I checked another local store (Albertsons) and they have it too.

Haven't tried it yet, but I just may.  Has anyone else seen this before?

I have made my own (both belly and BBB), just wondering how it compared.


----------



## mballi3011

Now I have never seen anything like that before. But it does seem to be a great idea now. I really like to make and eat some good ole buckboard bacon now. It taste so good and I really cann't believe that it's not in the stores yet.???


----------



## realtorterry

Never heard of it, but looks awesome. OK OK you can send me some


----------



## tjohnson

How much $$$/lb.?


Todd


----------



## smokin relaxin steve

Thats awesome *Sawyerrt10*, Wish they sold that around here.... & I hope all is going well with your wife and family!


----------



## coffee_junkie

"redneck" makes a ton of great sausages and stuff like this, it is made in Kalispell I believe. They make a glazed ham that is to die for.
Hope you are liking your visit to MT!


----------



## kaiser

They still have Albertson's up there?  All the ones around here closed last year.  Now all we have is HEB and the occasional Randall's.  (HEB is pretty great - but no single chain carries everything!)


----------



## sawyerrt10

Its not too bad all things considered.  I was stationed up in Great Falls back in the Mid-90's , wife is from Butte.  One stepson lives in Helena, the other in Loma, but works in Townsend.  Mom-in-law and Brother-in-Law still live in Butte.

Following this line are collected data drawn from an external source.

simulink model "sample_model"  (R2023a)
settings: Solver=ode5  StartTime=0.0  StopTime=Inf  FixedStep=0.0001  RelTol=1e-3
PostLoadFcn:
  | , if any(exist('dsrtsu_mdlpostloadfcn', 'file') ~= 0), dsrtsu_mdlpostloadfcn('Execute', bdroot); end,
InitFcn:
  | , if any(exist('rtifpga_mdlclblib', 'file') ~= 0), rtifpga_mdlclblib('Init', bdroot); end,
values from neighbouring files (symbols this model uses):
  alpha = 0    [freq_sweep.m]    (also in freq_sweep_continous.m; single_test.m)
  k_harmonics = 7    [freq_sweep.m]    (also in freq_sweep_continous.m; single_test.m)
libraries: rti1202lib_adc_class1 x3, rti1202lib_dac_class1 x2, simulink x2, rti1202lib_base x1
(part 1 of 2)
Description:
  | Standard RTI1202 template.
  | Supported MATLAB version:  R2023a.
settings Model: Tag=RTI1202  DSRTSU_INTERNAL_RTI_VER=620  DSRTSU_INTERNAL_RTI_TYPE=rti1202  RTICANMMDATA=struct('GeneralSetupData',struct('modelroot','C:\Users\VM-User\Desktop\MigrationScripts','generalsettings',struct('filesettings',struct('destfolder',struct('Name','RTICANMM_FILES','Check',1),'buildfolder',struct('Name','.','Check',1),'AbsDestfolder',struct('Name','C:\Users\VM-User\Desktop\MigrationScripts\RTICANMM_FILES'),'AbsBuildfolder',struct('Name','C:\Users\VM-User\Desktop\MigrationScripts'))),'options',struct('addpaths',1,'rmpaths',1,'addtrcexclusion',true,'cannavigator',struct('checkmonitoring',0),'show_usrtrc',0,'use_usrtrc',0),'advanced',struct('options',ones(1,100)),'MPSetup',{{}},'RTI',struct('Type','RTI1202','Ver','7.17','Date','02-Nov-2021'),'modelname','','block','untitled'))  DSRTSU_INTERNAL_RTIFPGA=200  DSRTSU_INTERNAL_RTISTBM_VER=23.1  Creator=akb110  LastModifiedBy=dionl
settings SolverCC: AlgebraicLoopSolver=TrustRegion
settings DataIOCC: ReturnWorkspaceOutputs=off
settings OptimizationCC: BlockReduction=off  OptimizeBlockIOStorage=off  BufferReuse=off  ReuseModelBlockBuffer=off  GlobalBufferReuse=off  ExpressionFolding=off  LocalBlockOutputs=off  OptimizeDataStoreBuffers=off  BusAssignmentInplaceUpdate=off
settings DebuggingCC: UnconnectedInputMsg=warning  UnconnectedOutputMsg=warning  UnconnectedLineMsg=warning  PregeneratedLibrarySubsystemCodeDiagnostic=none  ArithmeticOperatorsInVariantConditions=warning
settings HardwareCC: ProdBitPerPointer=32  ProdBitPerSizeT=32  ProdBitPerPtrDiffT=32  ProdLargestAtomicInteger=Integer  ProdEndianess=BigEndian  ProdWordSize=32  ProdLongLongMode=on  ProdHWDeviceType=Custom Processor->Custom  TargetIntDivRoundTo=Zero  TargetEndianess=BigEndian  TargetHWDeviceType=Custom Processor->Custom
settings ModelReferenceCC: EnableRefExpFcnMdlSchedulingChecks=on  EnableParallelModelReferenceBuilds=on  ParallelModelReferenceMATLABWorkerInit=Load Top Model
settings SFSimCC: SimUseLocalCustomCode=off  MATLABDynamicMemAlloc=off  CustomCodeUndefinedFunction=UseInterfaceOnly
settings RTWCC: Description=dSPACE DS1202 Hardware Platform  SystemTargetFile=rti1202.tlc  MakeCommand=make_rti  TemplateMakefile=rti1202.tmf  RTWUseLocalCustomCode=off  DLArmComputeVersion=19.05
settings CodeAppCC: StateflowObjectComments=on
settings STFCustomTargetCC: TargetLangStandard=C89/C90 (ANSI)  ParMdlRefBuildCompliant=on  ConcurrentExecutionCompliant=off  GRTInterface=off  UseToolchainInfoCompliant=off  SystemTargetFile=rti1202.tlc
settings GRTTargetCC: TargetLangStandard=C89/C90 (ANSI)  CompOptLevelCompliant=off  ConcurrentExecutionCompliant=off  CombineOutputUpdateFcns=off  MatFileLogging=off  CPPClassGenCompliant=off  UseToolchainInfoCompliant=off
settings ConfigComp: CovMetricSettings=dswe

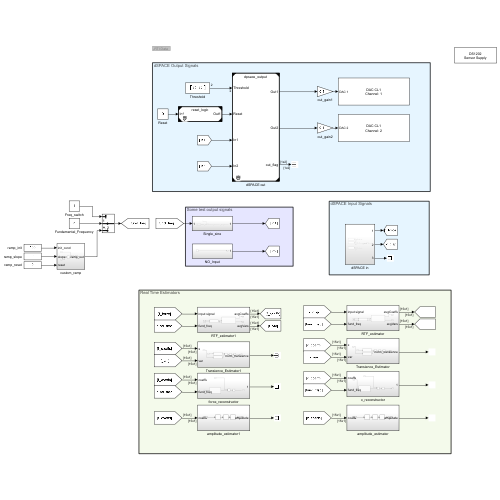
[thumbnail: Simulink's stored preview of the top-level diagram]
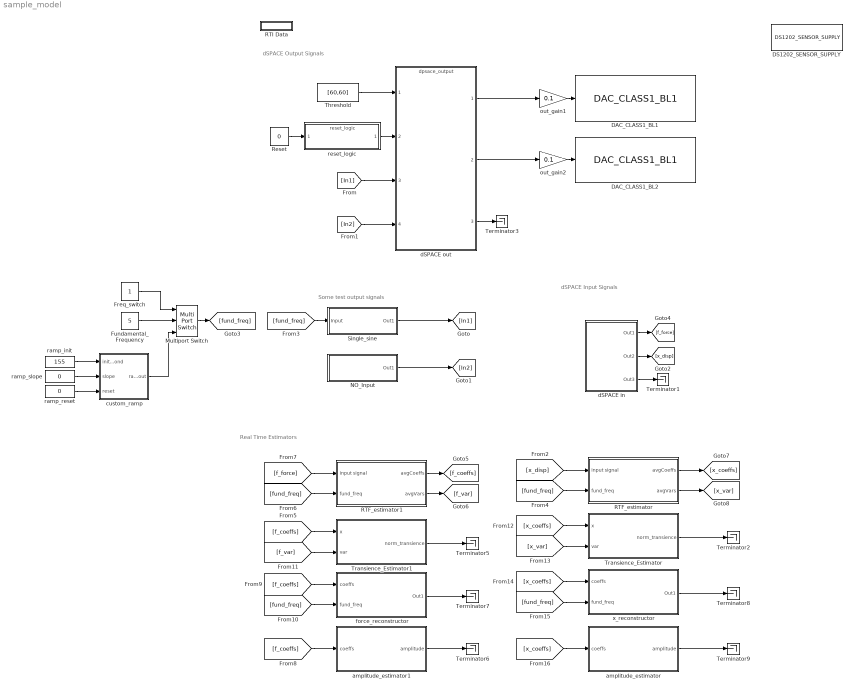
== system sample_model ==
  note: Real Time Estimators
  note: dSPACE Input Signals
  note: dSPACE Output Signals
  note: Some test output signals
  DAC_CLASS1_BL1 : rti1202lib_dac_class1/DAC_CLASS1_BL1  DSProperties=struct('RTI',struct('Version',uint32(2),'BlockType',struct('isSLSource',uint8(0),'isSLSink',uint8(1),'isHWSource',uint8(0),'isHWSink',uint8(1),'isSetup',uint8(0),'isInline',uint8(1),'isNonInline',uint8(0),'isInterrupt',uint8(0),'isChannelwise',uint8(1)),'IOBoardType',{{'DS120X','STD','DACC1'}},'UnitType','DAC','Identifier','DAC','DialogType','ML','BlockSet','NONE','SlaveProcessor','NONE'))  RTIBlockInterface=struct('InputPortsActive',1,'InputPortsWidth',int32(1),'InputPortsDataType',{{'SS_DOUBLE'}},'InputPortsName',{{['DAC 1']}},'DialogFcn','rti120xstddacc1dacgui','InitLevel',3,'IconTransparency','on','BlockDisplay',{{['DAC CL1\nChannel: 1'],'center'}},'BlockName',struct('Token',{{'DAC_CLASS1_BL1'}}))  RTIBlockParameters=struct('ChannelNo',{{1,'OFF',[]}},'ChannelNumOf',{{1,'OFF',[]}},'InitialValue1',{{0,'OFF',[-10 10]}},'InitialValue2',{{0,'OFF',[-10 10]}},'InitialValue3',{{0,'OFF',[-10 10]}},'InitialValue4',{{0,'OFF',[-10 10]}},'InitialValue5',{{0,'OFF',[-10 10]}},'InitialValue6',{{0,'OFF',[-10 10]}},'InitialValue7',{{0,'OFF',[-10 10]}},'InitialValue8',{{0,'OFF',[-10 10]}},'InitialValue9',{{0,'OFF',[-10 10]}},'InitialValue10',{{0,'OFF',[-10 10]}},'InitialValue11',{{0,'OFF',[-10 10]}},'InitialValue12',{{0,'OFF',[-10 10]}},'InitialValue13',{{0,'OFF',[-10 10]}},'InitialValue14',{{0,'OFF',[-10 10]}},'InitialValue15',{{0,'OFF',[-10 10]}},'InitialValue16',{{0,'OFF',[-10 10]}},'OutputMode',{{ones(1,16),'OFF',[1 2]}},'TermValue1',{{0,'OFF',[-10 10]}},'TermValue2',{{0,'OFF',[-10 10]}},'TermValue3',{{0,'OFF',[-10 10]}},'TermValue4',{{0,'OFF',[-10 10]}},'TermValue5',{{0,'OFF',[-10 10]}},'TermValue6',{{0,'OFF',[-10 10]}},'TermValue7',{{0,'OFF',[-10 10]}},'TermValue8',{{0,'OFF',[-10 10]}},'TermValue9',{{0,'OFF',[-10 10]}},'TermValue10',{{0,'OFF',[-10 10]}},'TermValue11',{{0,'OFF',[-10 10]}},'TermValue12',{{0,'OFF',[-10 10]}},'TermValue13',{{0,'OFF',[-10 10]}},'TermValue14',{{0,'OFF',[-10 10]}},'TermValue15',{{0,'OFF',[-10 10]}},'TermValue16',{{0,'OFF',[-10 10]}},'EnableTermMode',{{0,'OFF',[0 1]}},'TLCFileName',{{'rti120xdac_c1_dac','OFF',[]}},'InitialValueBuildCheck1',{{0,'OFF',[]}},'InitialValueBuildCheck2',{{0,'OFF',[]}},'InitialValueBuildCheck3',{{0,'OFF',[]}},'InitialValueBuildCheck4',{{0,'OFF',[]}},'InitialValueBuildCheck5',{{0,'OFF',[]}},'InitialValueBuildCheck6',{{0,'OFF',[]}},'InitialValueBuildCheck7',{{0,'OFF',[]}},'InitialValueBuildCheck8',{{0,'OFF',[]}},'InitialValueBuildCheck9',{{0,'OFF',[]}},'InitialValueBuildCheck10',{{0,'OFF',[]}},'InitialValueBuildCheck11',{{0,'OFF',[]}},'InitialValueBuildCheck12',{{0,'OFF',[]}},'InitialValueBuildCheck13',{{0,'OFF',[]}},'InitialValueBuildCheck14',{{0,'OFF',[]}},'InitialValueBuildCheck15',{{0,'OFF',[]}},'InitialValueBuildCheck16',{{0,'OFF',[]}},'TermValueBuildCheck1',{{0,'OFF',[]}},'TermValueBuildCheck2',{{0,'OFF',[]}},'TermValueBuildCheck3',{{0,'OFF',[]}},'TermValueBuildCheck4',{{0,'OFF',[]}},'TermValueBuildCheck5',{{0,'OFF',[]}},'TermValueBuildCheck6',{{0,'OFF',[]}},'TermValueBuildCheck7',{{0,'OFF',[]}},'TermValueBuildCheck8',{{0,'OFF',[]}},'TermValueBuildCheck9',{{0,'OFF',[]}},'TermValueBuildCheck10',{{0,'OFF',[]}},'TermValueBuildCheck11',{{0,'OFF',[]}},'TermValueBuildCheck12',{{0,'OFF',[]}},'TermValueBuildCheck13',{{0,'OFF',[]}},'TermValueBuildCheck14',{{0,'OFF',[]}},'TermValueBuildCheck15',{{0,'OFF',[]}},'TermValueBuildCheck16',{{0,'OFF',[]}})  RTISFcnParameters=struct('ChannelNo','int16','ChannelNumOf','int16','InitialValue1','double','InitialValue2','double','InitialValue3','double','InitialValue4','double','InitialValue5','double','InitialValue6','double','InitialValue7','double','InitialValue8','double','InitialValue9','double','InitialValue10','double','InitialValue11','double','InitialValue12','double','InitialValue13','double','InitialValue14','double','InitialValue15','double','InitialValue16','double','OutputMode','int16','TermValue1','double','TermValue2','double','TermValue3','double','TermValue4','double','TermValue5','double','TermValue6','double','TermValue7','double','TermValue8','double','TermValue9','double','TermValue10','double','TermValue11','double','TermValue12','double','TermValue13','double','TermValue14','double','TermValue15','double','TermValue16','double','EnableTermMode','int16','TLCFileName','char')  RTIBlockParaDefault=struct('ChannelNo',1,'ChannelNumOf',1,'InitialValue1',0,'InitialValue2',0,'InitialValue3',0,'InitialValue4',0,'InitialValue5',0,'InitialValue6',0,'InitialValue7',0,'InitialValue8',0,'InitialValue9',0,'InitialValue10',0,'InitialValue11',0,'InitialValue12',0,'InitialValue13',0,'InitialValue14',0,'InitialValue15',0,'InitialValue16',0,'OutputMode',ones(1,16),'TermValue1',0,'TermValue2',0,'TermValue3',0,'TermValue4',0,'TermValue5',0,'TermValue6',0,'TermValue7',0,'TermValue8',0,'TermValue9',0,'TermValue10',0,'TermValue11',0,'TermValue12',0,'TermValue13',0,'TermValue14',0,'TermValue15',0,'TermValue16',0,'EnableTermMode',0,'TLCFileName','rti120xdac_c1_dac','InitialValueBuildCheck1',0,'InitialValueBuildCheck2',0,'InitialValueBuildCheck3',0,'InitialValueBuildCheck4',0,'InitialValueBuildCheck5',0,'InitialValueBuildCheck6',0,'InitialValueBuildCheck7',0,'InitialValueBuildCheck8',0,'InitialValueBuildCheck9',0,'InitialValueBuildCheck10',0,'InitialValueBuildCheck11',0,'InitialValueBuildCheck12',0,'InitialValueBuildCheck13',0,'InitialValueBuildCheck14',0,'InitialValueBuildCheck15',0,'InitialValueBuildCheck16',0,'TermValueBuildCheck1',0,'TermValueBuildCheck2',0,'TermValueBuildCheck3',0,'TermValueBuildCheck4',0,'TermValueBuildCheck5',0,'TermValueBuildCheck6',0,'TermValueBuildCheck7',0,'TermValueBuildCheck8',0,'TermValueBuildCheck9',0,'TermValueBuildCheck10',0,'TermValueBuildCheck11',0,'TermValueBuildCheck12',0,'TermValueBuildCheck13',0,'TermValueBuildCheck14',0,'TermValueBuildCheck15',0,'TermValueBuildCheck16',0)
  DAC_CLASS1_BL2 : rti1202lib_dac_class1/DAC_CLASS1_BL1  DSProperties=struct('RTI',struct('Version',uint32(2),'BlockType',struct('isSLSource',uint8(0),'isSLSink',uint8(1),'isHWSource',uint8(0),'isHWSink',uint8(1),'isSetup',uint8(0),'isInline',uint8(1),'isNonInline',uint8(0),'isInterrupt',uint8(0),'isChannelwise',uint8(1)),'IOBoardType',{{'DS120X','STD','DACC1'}},'UnitType','DAC','Identifier','DAC','DialogType','ML','BlockSet','NONE','SlaveProcessor','NONE'))  RTIBlockInterface=struct('InputPortsActive',1,'InputPortsWidth',int32(1),'InputPortsDataType',{{'SS_DOUBLE'}},'InputPortsName',{{['DAC 2']}},'DialogFcn','rti120xstddacc1dacgui','InitLevel',3,'IconTransparency','on','BlockDisplay',{{['DAC CL1\nChannel: 2'],'center'}},'BlockName',struct('Token',{{'DAC_CLASS1_BL1'}}))  RTIBlockParameters=struct('ChannelNo',{{2,'OFF',[]}},'ChannelNumOf',{{1,'OFF',[]}},'InitialValue1',{{'0','OFF',[-10 10]}},'InitialValue2',{{'0','OFF',[-10 10]}},'InitialValue3',{{'0','OFF',[-10 10]}},'InitialValue4',{{'0','OFF',[-10 10]}},'InitialValue5',{{'0','OFF',[-10 10]}},'InitialValue6',{{'0','OFF',[-10 10]}},'InitialValue7',{{'0','OFF',[-10 10]}},'InitialValue8',{{'0','OFF',[-10 10]}},'InitialValue9',{{'0','OFF',[-10 10]}},'InitialValue10',{{'0','OFF',[-10 10]}},'InitialValue11',{{'0','OFF',[-10 10]}},'InitialValue12',{{'0','OFF',[-10 10]}},'InitialValue13',{{'0','OFF',[-10 10]}},'InitialValue14',{{'0','OFF',[-10 10]}},'InitialValue15',{{'0','OFF',[-10 10]}},'InitialValue16',{{'0','OFF',[-10 10]}},'OutputMode',{{ones(1,16),'OFF',[1 2]}},'TermValue1',{{'0','OFF',[-10 10]}},'TermValue2',{{'0','OFF',[-10 10]}},'TermValue3',{{'0','OFF',[-10 10]}},'TermValue4',{{'0','OFF',[-10 10]}},'TermValue5',{{'0','OFF',[-10 10]}},'TermValue6',{{'0','OFF',[-10 10]}},'TermValue7',{{'0','OFF',[-10 10]}},'TermValue8',{{'0','OFF',[-10 10]}},'TermValue9',{{'0','OFF',[-10 10]}},'TermValue10',{{'0','OFF',[-10 10]}},'TermValue11',{{'0','OFF',[-10 10]}},'TermValue12',{{'0','OFF',[-10 10]}},'TermValue13',{{'0','OFF',[-10 10]}},'TermValue14',{{'0','OFF',[-10 10]}},'TermValue15',{{'0','OFF',[-10 10]}},'TermValue16',{{'0','OFF',[-10 10]}},'EnableTermMode',{{0,'OFF',[0 1]}},'TLCFileName',{{'rti120xdac_c1_dac','OFF',[]}},'InitialValueBuildCheck1',{{0,'OFF',[]}},'InitialValueBuildCheck2',{{1,'OFF',[]}},'InitialValueBuildCheck3',{{0,'OFF',[]}},'InitialValueBuildCheck4',{{0,'OFF',[]}},'InitialValueBuildCheck5',{{0,'OFF',[]}},'InitialValueBuildCheck6',{{0,'OFF',[]}},'InitialValueBuildCheck7',{{0,'OFF',[]}},'InitialValueBuildCheck8',{{0,'OFF',[]}},'InitialValueBuildCheck9',{{0,'OFF',[]}},'InitialValueBuildCheck10',{{0,'OFF',[]}},'InitialValueBuildCheck11',{{0,'OFF',[]}},'InitialValueBuildCheck12',{{0,'OFF',[]}},'InitialValueBuildCheck13',{{0,'OFF',[]}},'InitialValueBuildCheck14',{{0,'OFF',[]}},'InitialValueBuildCheck15',{{0,'OFF',[]}},'InitialValueBuildCheck16',{{0,'OFF',[]}},'TermValueBuildCheck1',{{0,'OFF',[]}},'TermValueBuildCheck2',{{0,'OFF',[]}},'TermValueBuildCheck3',{{0,'OFF',[]}},'TermValueBuildCheck4',{{0,'OFF',[]}},'TermValueBuildCheck5',{{0,'OFF',[]}},'TermValueBuildCheck6',{{0,'OFF',[]}},'TermValueBuildCheck7',{{0,'OFF',[]}},'TermValueBuildCheck8',{{0,'OFF',[]}},'TermValueBuildCheck9',{{0,'OFF',[]}},'TermValueBuildCheck10',{{0,'OFF',[]}},'TermValueBuildCheck11',{{0,'OFF',[]}},'TermValueBuildCheck12',{{0,'OFF',[]}},'TermValueBuildCheck13',{{0,'OFF',[]}},'TermValueBuildCheck14',{{0,'OFF',[]}},'TermValueBuildCheck15',{{0,'OFF',[]}},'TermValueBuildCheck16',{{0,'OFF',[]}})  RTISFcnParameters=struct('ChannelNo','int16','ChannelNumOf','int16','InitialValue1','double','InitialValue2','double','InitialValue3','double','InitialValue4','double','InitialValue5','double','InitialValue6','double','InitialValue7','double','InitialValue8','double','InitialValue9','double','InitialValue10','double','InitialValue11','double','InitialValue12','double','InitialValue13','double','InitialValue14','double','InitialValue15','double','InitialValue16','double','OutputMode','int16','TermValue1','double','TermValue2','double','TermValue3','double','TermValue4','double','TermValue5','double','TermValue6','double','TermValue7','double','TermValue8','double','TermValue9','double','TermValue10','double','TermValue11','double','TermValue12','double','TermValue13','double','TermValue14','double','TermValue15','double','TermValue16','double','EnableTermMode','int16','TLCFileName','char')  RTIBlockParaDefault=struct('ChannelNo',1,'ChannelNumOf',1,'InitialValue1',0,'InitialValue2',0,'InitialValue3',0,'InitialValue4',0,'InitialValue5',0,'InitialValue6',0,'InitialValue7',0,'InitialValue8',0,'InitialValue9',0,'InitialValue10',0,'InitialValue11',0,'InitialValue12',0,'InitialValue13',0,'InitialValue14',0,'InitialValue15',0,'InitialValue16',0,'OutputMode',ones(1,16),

Already had two Porkchop sandwichs from Pork Chop Johns and ate at "The Derby" tonight.


----------



## coffee_junkie

I am assuming you are in Butte. Have you had any pasties yet?


----------



## bustintires

yes indeed. one of my local butcher shops used to make it. great stuff, like ham and bacon had a baby.


----------



## sawyerrt10

That is for supper tomorrow night!  Gonna go to Nancy's Pasties over on Continental.


----------



## Bearcarver

Going by the size & shape, it looks like they take a Boston Butt, and instead of deboning it, they cut the bone side off for something else (probably sausage). Then they make Buckboard Bacon out of the boneless part. 
*I'll bet the BBB we all make is better than theirs!*








Bearcarver


----------



## sawyerrt10

I bought some today for breakfast in the morning.  Will let ya'll know how it is.  

Bearcarver,

You  have it correct, I had the first storebought bacon since I made my own, what a difference! A bit disappointed with the storebought stuff.  Wife thought so too!


----------



## sawyerrt10

Boy what a disappointment. Best way to describe it would be very low sodium dry ham with very little smoke flavoring. None of us were very impressed. Here are the pictures as promised.


----------



## dawnsw

I was introduced to Redneck Bacon about a year ago. It is absolutley the best bacon out there. Flavorful and not all fat. I am very picky about bacon.


----------



## fran demery

Redneck Cottage Bacon is very tasteful and awsome! I have never ate any other bacon quite like it!! Yummy<3


----------



## sprky

I had some of that redneck back when I was visiting my daughter in CO. I also wasn't impressed, thought for the cost there was much better out there.


----------



## crystal borland

It's very good thick bacon! What is shown in the pic there is about a 1lb and I got mine for $8.19 (it was just over a lb)


----------



## Bearcarver

I never had this stuff, but after reviewing the comments above, it seems like those who have never made their own Buckboard Bacon are impressed, and those who have made BBB & consumed it are not impressed.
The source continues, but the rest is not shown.